“A Widening Gap: The Intervention 10 Years On” at the Counihan Gallery in Brunswick is an exhibition marking the tenth anniversary of “the Intervention”.
“The Intervention.” it sounds like something that might be staged for an alcoholic friend. The Norther Territory National Emergency Response, as it is officially called, sounds like it might be doing something urgent however when it only implementing two of the ninety-seven recommendations in the NT Government’s Little Children are Sacred Report (2007) in a decade, you know that it is bullshit. So let’s call it for what it is a racist abuse of human rights and a land grab for miners that both the ALP and LNP support.
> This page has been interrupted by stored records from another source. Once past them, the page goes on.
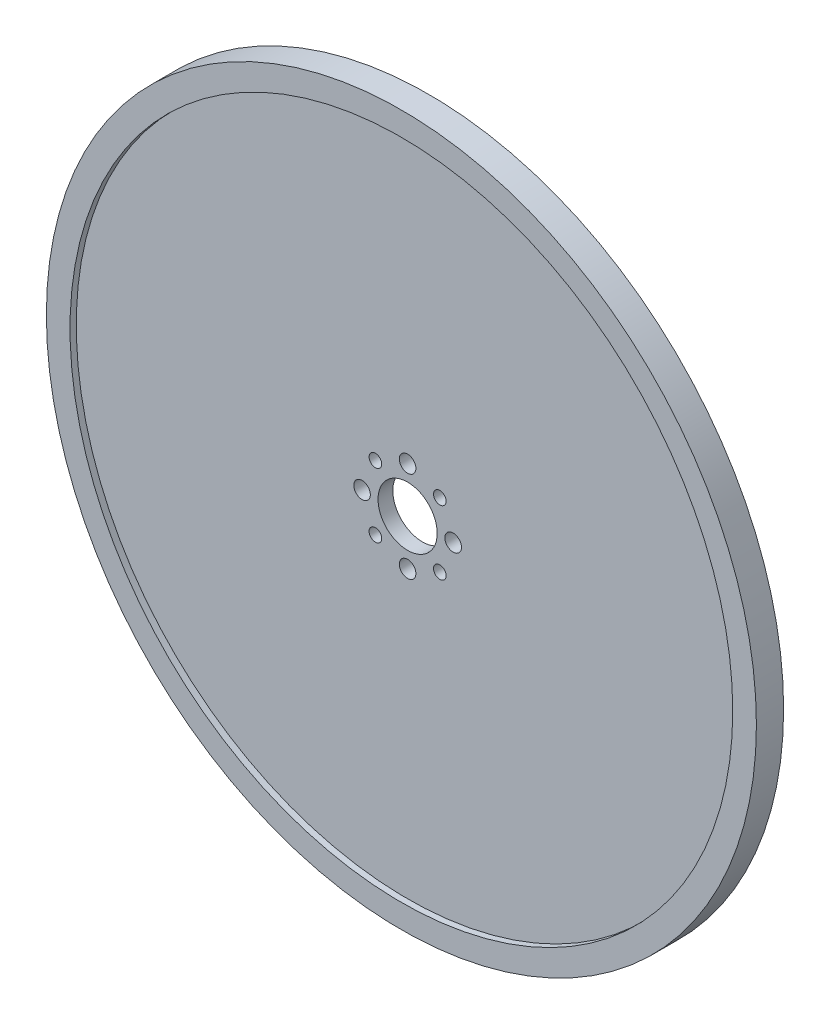
ISO-10303-21;
HEADER;
FILE_DESCRIPTION(('STEP AP214'),'2;1');
FILE_NAME('part.step','',(''),(''),'','','');
FILE_SCHEMA(('AUTOMOTIVE_DESIGN { 1 0 10303 214 1 1 1 1 }'));
ENDSEC;
DATA;
#1=APPLICATION_CONTEXT('core data for automotive mechanical design processes');
#2=APPLICATION_PROTOCOL_DEFINITION('international standard','automotive_design',2000,#1);
#3=PRODUCT_CONTEXT('',#1,'mechanical');
#4=PRODUCT('Part','Part','',(#3));
#5=PRODUCT_RELATED_PRODUCT_CATEGORY('part','',(#4));
#6=PRODUCT_DEFINITION_FORMATION('','',#4);
#7=PRODUCT_DEFINITION_CONTEXT('part definition',#1,'design');
#8=PRODUCT_DEFINITION('design','',#6,#7);
#9=PRODUCT_DEFINITION_SHAPE('','',#8);
#10=(LENGTH_UNIT() NAMED_UNIT(*) SI_UNIT(.MILLI.,.METRE.));
#11=(NAMED_UNIT(*) PLANE_ANGLE_UNIT() SI_UNIT($,.RADIAN.));
#12=(NAMED_UNIT(*) SI_UNIT($,.STERADIAN.) SOLID_ANGLE_UNIT());
#13=UNCERTAINTY_MEASURE_WITH_UNIT(LENGTH_MEASURE(1.E-05),#10,'distance_accuracy_value','');
#14=(GEOMETRIC_REPRESENTATION_CONTEXT(3) GLOBAL_UNCERTAINTY_ASSIGNED_CONTEXT((#13)) GLOBAL_UNIT_ASSIGNED_CONTEXT((#10,
#11,#12)) REPRESENTATION_CONTEXT('',''));
#15=CARTESIAN_POINT('',(0.,0.,0.));
#16=DIRECTION('',(0.,0.,1.));
#17=DIRECTION('',(1.,0.,0.));
#18=AXIS2_PLACEMENT_3D('',#15,#16,#17);
#19=CARTESIAN_POINT('',(0.,0.,2.921));
#20=DIRECTION('',(0.,0.,-1.));
#21=DIRECTION('',(-1.,0.,0.));
#22=AXIS2_PLACEMENT_3D('',#19,#20,#21);
#23=CYLINDRICAL_SURFACE('',#22,71.12);
#24=CARTESIAN_POINT('',(0.,0.,-2.921));
#25=DIRECTION('',(0.,0.,1.));
#26=DIRECTION('',(1.,0.,0.));
#27=AXIS2_PLACEMENT_3D('',#24,#25,#26);
#28=CIRCLE('',#27,71.12);
#29=CARTESIAN_POINT('',(71.12,0.,-2.921));
#30=VERTEX_POINT('',#29);
#31=EDGE_CURVE('E48',#30,#30,#28,.T.);
#32=ORIENTED_EDGE('',*,*,#31,.F.);
#33=EDGE_LOOP('',(#32));
#34=FACE_BOUND('',#33,.T.);
#35=CARTESIAN_POINT('',(0.,0.,-1.5875));
#36=DIRECTION('',(0.,0.,1.));
#37=DIRECTION('',(1.,0.,0.));
#38=AXIS2_PLACEMENT_3D('',#35,#36,#37);
#39=CIRCLE('',#38,71.12);
#40=CARTESIAN_POINT('',(71.12,0.,-1.5875));
#41=VERTEX_POINT('',#40);
#42=EDGE_CURVE('E51',#41,#41,#39,.T.);
#43=ORIENTED_EDGE('',*,*,#42,.T.);
#44=EDGE_LOOP('',(#43));
#45=FACE_BOUND('',#44,.T.);
#46=ADVANCED_FACE('F30',(#34,#45),#23,.F.);
#47=CARTESIAN_POINT('',(0.,0.,2.921));
#48=DIRECTION('',(0.,0.,1.));
#49=DIRECTION('',(1.,0.,0.));
#50=AXIS2_PLACEMENT_3D('',#47,#48,#49);
#51=PLANE('',#50);
#52=CARTESIAN_POINT('',(0.,0.,2.921));
#53=DIRECTION('',(0.,0.,1.));
#54=DIRECTION('',(1.,0.,0.));
#55=AXIS2_PLACEMENT_3D('',#52,#53,#54);
#56=CIRCLE('',#55,76.2);
#57=CARTESIAN_POINT('',(76.2,0.,2.921));
#58=VERTEX_POINT('',#57);
#59=EDGE_CURVE('E37',#58,#58,#56,.T.);
#60=ORIENTED_EDGE('',*,*,#59,.T.);
#61=EDGE_LOOP('',(#60));
#62=FACE_BOUND('',#61,.T.);
#63=CARTESIAN_POINT('',(0.,0.,2.921));
#64=DIRECTION('',(0.,0.,1.));
#65=DIRECTION('',(1.,0.,0.));
#66=AXIS2_PLACEMENT_3D('',#63,#64,#65);
#67=CIRCLE('',#66,71.12);
#68=CARTESIAN_POINT('',(71.12,0.,2.921));
#69=VERTEX_POINT('',#68);
#70=EDGE_CURVE('E46',#69,#69,#67,.T.);
#71=ORIENTED_EDGE('',*,*,#70,.F.);
#72=EDGE_LOOP('',(#71));
#73=FACE_BOUND('',#72,.T.);
#74=ADVANCED_FACE('F156',(#62,#73),#51,.T.);
#75=CARTESIAN_POINT('',(0.,0.,-2.921));
#76=DIRECTION('',(0.,0.,1.));
#77=DIRECTION('',(1.,0.,0.));
#78=AXIS2_PLACEMENT_3D('',#75,#76,#77);
#79=PLANE('',#78);
#80=CARTESIAN_POINT('',(0.,0.,-2.921));
#81=DIRECTION('',(0.,0.,1.));
#82=DIRECTION('',(1.,0.,0.));
#83=AXIS2_PLACEMENT_3D('',#80,#81,#82);
#84=CIRCLE('',#83,76.2);
#85=CARTESIAN_POINT('',(76.2,0.,-2.921));
#86=VERTEX_POINT('',#85);
#87=EDGE_CURVE('E41',#86,#86,#84,.T.);
#88=ORIENTED_EDGE('',*,*,#87,.F.);
#89=EDGE_LOOP('',(#88));
#90=FACE_BOUND('',#89,.T.);
#91=ORIENTED_EDGE('',*,*,#31,.T.);
#92=EDGE_LOOP('',(#91));
#93=FACE_BOUND('',#92,.T.);
#94=ADVANCED_FACE('F161',(#90,#93),#79,.F.);
#95=CARTESIAN_POINT('',(0.,0.,2.921));
#96=DIRECTION('',(0.,0.,-1.));
#97=DIRECTION('',(-1.,0.,0.));
#98=AXIS2_PLACEMENT_3D('',#95,#96,#97);
#99=CYLINDRICAL_SURFACE('',#98,76.2);
#100=ORIENTED_EDGE('',*,*,#59,.F.);
#101=EDGE_LOOP('',(#100));
#102=FACE_BOUND('',#101,.T.);
#103=ORIENTED_EDGE('',*,*,#87,.T.);
#104=EDGE_LOOP('',(#103));
#105=FACE_BOUND('',#104,.T.);
#106=ADVANCED_FACE('F32',(#102,#105),#99,.T.);
#107=CARTESIAN_POINT('',(0.,0.,1.5875));
#108=DIRECTION('',(0.,0.,1.));
#109=DIRECTION('',(1.,0.,0.));
#110=AXIS2_PLACEMENT_3D('',#107,#108,#109);
#111=CIRCLE('',#110,71.12);
#112=CARTESIAN_POINT('',(71.12,0.,1.5875));
#113=VERTEX_POINT('',#112);
#114=EDGE_CURVE('E10',#113,#113,#111,.T.);
#115=ORIENTED_EDGE('',*,*,#114,.F.);
#116=EDGE_LOOP('',(#115));
#117=FACE_BOUND('',#116,.T.);
#118=ORIENTED_EDGE('',*,*,#70,.T.);
#119=EDGE_LOOP('',(#118));
#120=FACE_BOUND('',#119,.T.);
#121=ADVANCED_FACE('F117',(#117,#120),#23,.F.);
#122=CARTESIAN_POINT('',(0.,0.,1.5875));
#123=DIRECTION('',(0.,0.,1.));
#124=DIRECTION('',(1.,0.,0.));
#125=AXIS2_PLACEMENT_3D('',#122,#123,#124);
#126=PLANE('',#125);
#127=CARTESIAN_POINT('',(-6.91479721322329,6.91479721322321,1.5875));
#128=DIRECTION('',(0.,0.,1.));
#129=DIRECTION('',(1.,0.,0.));
#130=AXIS2_PLACEMENT_3D('',#127,#128,#129);
#131=CIRCLE('',#130,1.35254999999999);
#132=CARTESIAN_POINT('',(-5.5622472132233,6.91479721322321,1.5875));
#133=VERTEX_POINT('',#132);
#134=EDGE_CURVE('E107',#133,#133,#131,.T.);
#135=ORIENTED_EDGE('',*,*,#134,.F.);
#136=EDGE_LOOP('',(#135));
#137=FACE_BOUND('',#136,.T.);
#138=CARTESIAN_POINT('',(6.91479721322325,6.91479721322344,1.5875));
#139=DIRECTION('',(0.,0.,1.));
#140=DIRECTION('',(1.,0.,0.));
#141=AXIS2_PLACEMENT_3D('',#138,#139,#140);
#142=CIRCLE('',#141,1.35254999999999);
#143=CARTESIAN_POINT('',(8.26734721322323,6.91479721322344,1.5875));
#144=VERTEX_POINT('',#143);
#145=EDGE_CURVE('E101',#144,#144,#142,.T.);
#146=ORIENTED_EDGE('',*,*,#145,.F.);
#147=EDGE_LOOP('',(#146));
#148=FACE_BOUND('',#147,.T.);
#149=CARTESIAN_POINT('',(6.91479721322344,-6.91479721322306,1.5875));
#150=DIRECTION('',(0.,0.,1.));
#151=DIRECTION('',(1.,0.,0.));
#152=AXIS2_PLACEMENT_3D('',#149,#150,#151);
#153=CIRCLE('',#152,1.35254999999999);
#154=CARTESIAN_POINT('',(8.26734721322343,-6.91479721322306,1.5875));
#155=VERTEX_POINT('',#154);
#156=EDGE_CURVE('E95',#155,#155,#153,.T.);
#157=ORIENTED_EDGE('',*,*,#156,.F.);
#158=EDGE_LOOP('',(#157));
#159=FACE_BOUND('',#158,.T.);
#160=CARTESIAN_POINT('',(-6.91479721322306,-6.91479721322325,1.5875));
#161=DIRECTION('',(0.,0.,1.));
#162=DIRECTION('',(1.,0.,0.));
#163=AXIS2_PLACEMENT_3D('',#160,#161,#162);
#164=CIRCLE('',#163,1.35254999999999);
#165=CARTESIAN_POINT('',(-5.56224721322307,-6.91479721322325,1.5875));
#166=VERTEX_POINT('',#165);
#167=EDGE_CURVE('E89',#166,#166,#164,.T.);
#168=ORIENTED_EDGE('',*,*,#167,.F.);
#169=EDGE_LOOP('',(#168));
#170=FACE_BOUND('',#169,.T.);
#171=CARTESIAN_POINT('',(0.,-9.779,1.5875));
#172=DIRECTION('',(0.,0.,1.));
#173=DIRECTION('',(1.,0.,0.));
#174=AXIS2_PLACEMENT_3D('',#171,#172,#173);
#175=CIRCLE('',#174,1.778);
#176=CARTESIAN_POINT('',(1.77799999999993,-9.779,1.5875));
#177=VERTEX_POINT('',#176);
#178=EDGE_CURVE('E72',#177,#177,#175,.T.);
#179=ORIENTED_EDGE('',*,*,#178,.F.);
#180=EDGE_LOOP('',(#179));
#181=FACE_BOUND('',#180,.T.);
#182=CARTESIAN_POINT('',(0.,9.779,1.5875));
#183=DIRECTION('',(0.,0.,1.));
#184=DIRECTION('',(1.,0.,0.));
#185=AXIS2_PLACEMENT_3D('',#182,#183,#184);
#186=CIRCLE('',#185,1.778);
#187=CARTESIAN_POINT('',(1.778,9.779,1.5875));
#188=VERTEX_POINT('',#187);
#189=EDGE_CURVE('E60',#188,#188,#186,.T.);
#190=ORIENTED_EDGE('',*,*,#189,.F.);
#191=EDGE_LOOP('',(#190));
#192=FACE_BOUND('',#191,.T.);
#193=ORIENTED_EDGE('',*,*,#114,.T.);
#194=EDGE_LOOP('',(#193));
#195=FACE_BOUND('',#194,.T.);
#196=CARTESIAN_POINT('',(0.,0.,1.5875));
#197=DIRECTION('',(0.,0.,1.));
#198=DIRECTION('',(1.,0.,0.));
#199=AXIS2_PLACEMENT_3D('',#196,#197,#198);
#200=CIRCLE('',#199,6.35);
#201=CARTESIAN_POINT('',(6.35,0.,1.5875));
#202=VERTEX_POINT('',#201);
#203=EDGE_CURVE('E56',#202,#202,#200,.T.);
#204=ORIENTED_EDGE('',*,*,#203,.F.);
#205=EDGE_LOOP('',(#204));
#206=FACE_BOUND('',#205,.T.);
#207=CARTESIAN_POINT('',(9.779,0.,1.5875));
#208=DIRECTION('',(0.,0.,1.));
#209=DIRECTION('',(1.,0.,0.));
#210=AXIS2_PLACEMENT_3D('',#207,#208,#209);
#211=CIRCLE('',#210,1.778);
#212=CARTESIAN_POINT('',(11.557,0.,1.5875));
#213=VERTEX_POINT('',#212);
#214=EDGE_CURVE('E66',#213,#213,#211,.T.);
#215=ORIENTED_EDGE('',*,*,#214,.F.);
#216=EDGE_LOOP('',(#215));
#217=FACE_BOUND('',#216,.T.);
#218=CARTESIAN_POINT('',(-9.779,1.02429588037641E-13,1.5875));
#219=DIRECTION('',(0.,0.,1.));
#220=DIRECTION('',(1.,0.,0.));
#221=AXIS2_PLACEMENT_3D('',#218,#219,#220);
#222=CIRCLE('',#221,1.778);
#223=CARTESIAN_POINT('',(-8.001,1.02429588037641E-13,1.5875));
#224=VERTEX_POINT('',#223);
#225=EDGE_CURVE('E78',#224,#224,#222,.T.);
#226=ORIENTED_EDGE('',*,*,#225,.F.);
#227=EDGE_LOOP('',(#226));
#228=FACE_BOUND('',#227,.T.);
#229=ADVANCED_FACE('F113',(#137,#148,#159,#170,#181,#192,#195,#206,#217,#228),#126,.T.);
#230=CARTESIAN_POINT('',(0.,0.,-1.5875));
#231=DIRECTION('',(0.,0.,1.));
#232=DIRECTION('',(1.,0.,0.));
#233=AXIS2_PLACEMENT_3D('',#230,#231,#232);
#234=PLANE('',#233);
#235=CARTESIAN_POINT('',(-6.91479721322329,6.91479721322321,-1.5875));
#236=DIRECTION('',(0.,0.,1.));
#237=DIRECTION('',(1.,0.,0.));
#238=AXIS2_PLACEMENT_3D('',#235,#236,#237);
#239=CIRCLE('',#238,1.35254999999999);
#240=CARTESIAN_POINT('',(-5.56224721322329,6.91479721322321,-1.5875));
#241=VERTEX_POINT('',#240);
#242=EDGE_CURVE('E104',#241,#241,#239,.T.);
#243=ORIENTED_EDGE('',*,*,#242,.T.);
#244=EDGE_LOOP('',(#243));
#245=FACE_BOUND('',#244,.T.);
#246=CARTESIAN_POINT('',(6.91479721322325,6.91479721322344,-1.5875));
#247=DIRECTION('',(0.,0.,1.));
#248=DIRECTION('',(1.,0.,0.));
#249=AXIS2_PLACEMENT_3D('',#246,#247,#248);
#250=CIRCLE('',#249,1.35254999999999);
#251=CARTESIAN_POINT('',(8.26734721322324,6.91479721322344,-1.5875));
#252=VERTEX_POINT('',#251);
#253=EDGE_CURVE('E98',#252,#252,#250,.T.);
#254=ORIENTED_EDGE('',*,*,#253,.T.);
#255=EDGE_LOOP('',(#254));
#256=FACE_BOUND('',#255,.T.);
#257=CARTESIAN_POINT('',(6.91479721322344,-6.91479721322306,-1.5875));
#258=DIRECTION('',(0.,0.,1.));
#259=DIRECTION('',(1.,0.,0.));
#260=AXIS2_PLACEMENT_3D('',#257,#258,#259);
#261=CIRCLE('',#260,1.35254999999999);
#262=CARTESIAN_POINT('',(8.26734721322343,-6.91479721322306,-1.5875));
#263=VERTEX_POINT('',#262);
#264=EDGE_CURVE('E92',#263,#263,#261,.T.);
#265=ORIENTED_EDGE('',*,*,#264,.T.);
#266=EDGE_LOOP('',(#265));
#267=FACE_BOUND('',#266,.T.);
#268=CARTESIAN_POINT('',(-6.91479721322306,-6.91479721322325,-1.5875));
#269=DIRECTION('',(0.,0.,1.));
#270=DIRECTION('',(1.,0.,0.));
#271=AXIS2_PLACEMENT_3D('',#268,#269,#270);
#272=CIRCLE('',#271,1.35254999999999);
#273=CARTESIAN_POINT('',(-5.56224721322306,-6.91479721322325,-1.5875));
#274=VERTEX_POINT('',#273);
#275=EDGE_CURVE('E84',#274,#274,#272,.T.);
#276=ORIENTED_EDGE('',*,*,#275,.T.);
#277=EDGE_LOOP('',(#276));
#278=FACE_BOUND('',#277,.T.);
#279=CARTESIAN_POINT('',(0.,-9.779,-1.5875));
#280=DIRECTION('',(0.,0.,1.));
#281=DIRECTION('',(1.,0.,0.));
#282=AXIS2_PLACEMENT_3D('',#279,#280,#281);
#283=CIRCLE('',#282,1.778);
#284=CARTESIAN_POINT('',(1.77799999999993,-9.779,-1.5875));
#285=VERTEX_POINT('',#284);
#286=EDGE_CURVE('E75',#285,#285,#283,.T.);
#287=ORIENTED_EDGE('',*,*,#286,.T.);
#288=EDGE_LOOP('',(#287));
#289=FACE_BOUND('',#288,.T.);
#290=CARTESIAN_POINT('',(0.,9.779,-1.5875));
#291=DIRECTION('',(0.,0.,1.));
#292=DIRECTION('',(1.,0.,0.));
#293=AXIS2_PLACEMENT_3D('',#290,#291,#292);
#294=CIRCLE('',#293,1.778);
#295=CARTESIAN_POINT('',(1.778,9.779,-1.5875));
#296=VERTEX_POINT('',#295);
#297=EDGE_CURVE('E63',#296,#296,#294,.T.);
#298=ORIENTED_EDGE('',*,*,#297,.T.);
#299=EDGE_LOOP('',(#298));
#300=FACE_BOUND('',#299,.T.);
#301=ORIENTED_EDGE('',*,*,#42,.F.);
#302=EDGE_LOOP('',(#301));
#303=FACE_BOUND('',#302,.T.);
#304=CARTESIAN_POINT('',(0.,0.,-1.5875));
#305=DIRECTION('',(0.,0.,1.));
#306=DIRECTION('',(1.,0.,0.));
#307=AXIS2_PLACEMENT_3D('',#304,#305,#306);
#308=CIRCLE('',#307,6.35);
#309=CARTESIAN_POINT('',(6.35,0.,-1.5875));
#310=VERTEX_POINT('',#309);
#311=EDGE_CURVE('E57',#310,#310,#308,.T.);
#312=ORIENTED_EDGE('',*,*,#311,.T.);
#313=EDGE_LOOP('',(#312));
#314=FACE_BOUND('',#313,.T.);
#315=CARTESIAN_POINT('',(9.779,0.,-1.5875));
#316=DIRECTION('',(0.,0.,1.));
#317=DIRECTION('',(1.,0.,0.));
#318=AXIS2_PLACEMENT_3D('',#315,#316,#317);
#319=CIRCLE('',#318,1.778);
#320=CARTESIAN_POINT('',(11.557,0.,-1.5875));
#321=VERTEX_POINT('',#320);
#322=EDGE_CURVE('E69',#321,#321,#319,.T.);
#323=ORIENTED_EDGE('',*,*,#322,.T.);
#324=EDGE_LOOP('',(#323));
#325=FACE_BOUND('',#324,.T.);
#326=CARTESIAN_POINT('',(-9.779,1.02429588037641E-13,-1.5875));
#327=DIRECTION('',(0.,0.,1.));
#328=DIRECTION('',(1.,0.,0.));
#329=AXIS2_PLACEMENT_3D('',#326,#327,#328);
#330=CIRCLE('',#329,1.778);
#331=CARTESIAN_POINT('',(-8.001,1.02429588037641E-13,-1.5875));
#332=VERTEX_POINT('',#331);
#333=EDGE_CURVE('E81',#332,#332,#330,.T.);
#334=ORIENTED_EDGE('',*,*,#333,.T.);
#335=EDGE_LOOP('',(#334));
#336=FACE_BOUND('',#335,.T.);
#337=ADVANCED_FACE('F116',(#245,#256,#267,#278,#289,#300,#303,#314,#325,#336),#234,.F.);
#338=CARTESIAN_POINT('',(0.,0.,1.5875));
#339=DIRECTION('',(0.,0.,-1.));
#340=DIRECTION('',(-1.,0.,0.));
#341=AXIS2_PLACEMENT_3D('',#338,#339,#340);
#342=CYLINDRICAL_SURFACE('',#341,6.35);
#343=ORIENTED_EDGE('',*,*,#203,.T.);
#344=EDGE_LOOP('',(#343));
#345=FACE_BOUND('',#344,.T.);
#346=ORIENTED_EDGE('',*,*,#311,.F.);
#347=EDGE_LOOP('',(#346));
#348=FACE_BOUND('',#347,.T.);
#349=ADVANCED_FACE('F144',(#345,#348),#342,.F.);
#350=CARTESIAN_POINT('',(0.,9.779,1.5875));
#351=DIRECTION('',(0.,0.,-1.));
#352=DIRECTION('',(-1.,0.,0.));
#353=AXIS2_PLACEMENT_3D('',#350,#351,#352);
#354=CYLINDRICAL_SURFACE('',#353,1.778);
#355=ORIENTED_EDGE('',*,*,#189,.T.);
#356=EDGE_LOOP('',(#355));
#357=FACE_BOUND('',#356,.T.);
#358=ORIENTED_EDGE('',*,*,#297,.F.);
#359=EDGE_LOOP('',(#358));
#360=FACE_BOUND('',#359,.T.);
#361=ADVANCED_FACE('F150',(#357,#360),#354,.F.);
#362=CARTESIAN_POINT('',(9.779,0.,1.5875));
#363=DIRECTION('',(0.,0.,-1.));
#364=DIRECTION('',(-1.,0.,0.));
#365=AXIS2_PLACEMENT_3D('',#362,#363,#364);
#366=CYLINDRICAL_SURFACE('',#365,1.778);
#367=ORIENTED_EDGE('',*,*,#214,.T.);
#368=EDGE_LOOP('',(#367));
#369=FACE_BOUND('',#368,.T.);
#370=ORIENTED_EDGE('',*,*,#322,.F.);
#371=EDGE_LOOP('',(#370));
#372=FACE_BOUND('',#371,.T.);
#373=ADVANCED_FACE('F227',(#369,#372),#366,.F.);
#374=CARTESIAN_POINT('',(0.,-9.779,1.5875));
#375=DIRECTION('',(0.,0.,-1.));
#376=DIRECTION('',(-1.,0.,0.));
#377=AXIS2_PLACEMENT_3D('',#374,#375,#376);
#378=CYLINDRICAL_SURFACE('',#377,1.778);
#379=ORIENTED_EDGE('',*,*,#178,.T.);
#380=EDGE_LOOP('',(#379));
#381=FACE_BOUND('',#380,.T.);
#382=ORIENTED_EDGE('',*,*,#286,.F.);
#383=EDGE_LOOP('',(#382));
#384=FACE_BOUND('',#383,.T.);
#385=ADVANCED_FACE('F139',(#381,#384),#378,.F.);
#386=CARTESIAN_POINT('',(-9.779,1.02429588037641E-13,1.5875));
#387=DIRECTION('',(0.,0.,-1.));
#388=DIRECTION('',(-1.,0.,0.));
#389=AXIS2_PLACEMENT_3D('',#386,#387,#388);
#390=CYLINDRICAL_SURFACE('',#389,1.778);
#391=ORIENTED_EDGE('',*,*,#225,.T.);
#392=EDGE_LOOP('',(#391));
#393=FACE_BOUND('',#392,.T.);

Curated by Jo Holder and Djon Mundine, from Cross Art Projects in Sydney, the exhibition is a wide examination of the issues imposed on the Aboriginal people in the NT from inadequate housing to inadequate justice; including artwork by an anonymous young artist from the infamous Don Dale Detention Centre.
Holder and Mundine have balanced the large polemic pieces with smaller works, such as the lively paintings and screenprints by Margaret Nampitjinpa Boko and Sally M. Mulda Nagala, that depict NT life with humour and passion, or the engaging series by artists in from Ntaria/Hermansburg, working in the watercolour tradition of Albert Namatjira, of mining operations dominating the landscape. Painting some of the landscapes that Namatjira painted with the addition of big yellow mining trucks in the foreground and, in one painting, a crashed UFO.
The mining trucks, and the UFO, are symbols of the alien invasion, a lack of consultation, the control of land, along with the environmental damage caused by mining. There are a number of works by Jacky Green, Seán Kerins and Therese Richie about the environmental impact of the McArthur River Mine where thousands of tons of waste released dangerous levels of sulphur dioxide.
This is not the first exhibition that the Counihan Gallery has held about this subject; in 2013 there was “Ghost Citizens: witnessing the intervention” curated by Holder and Mundine and featuring some of the same artists. Although it is a timely exhibition, considering that Victoria and NT have just announced that they would started treaty negotiations with the Aboriginal people, I have no confidence that, in 2023, there will not be yet another exhibition about the continuing “Intervention”.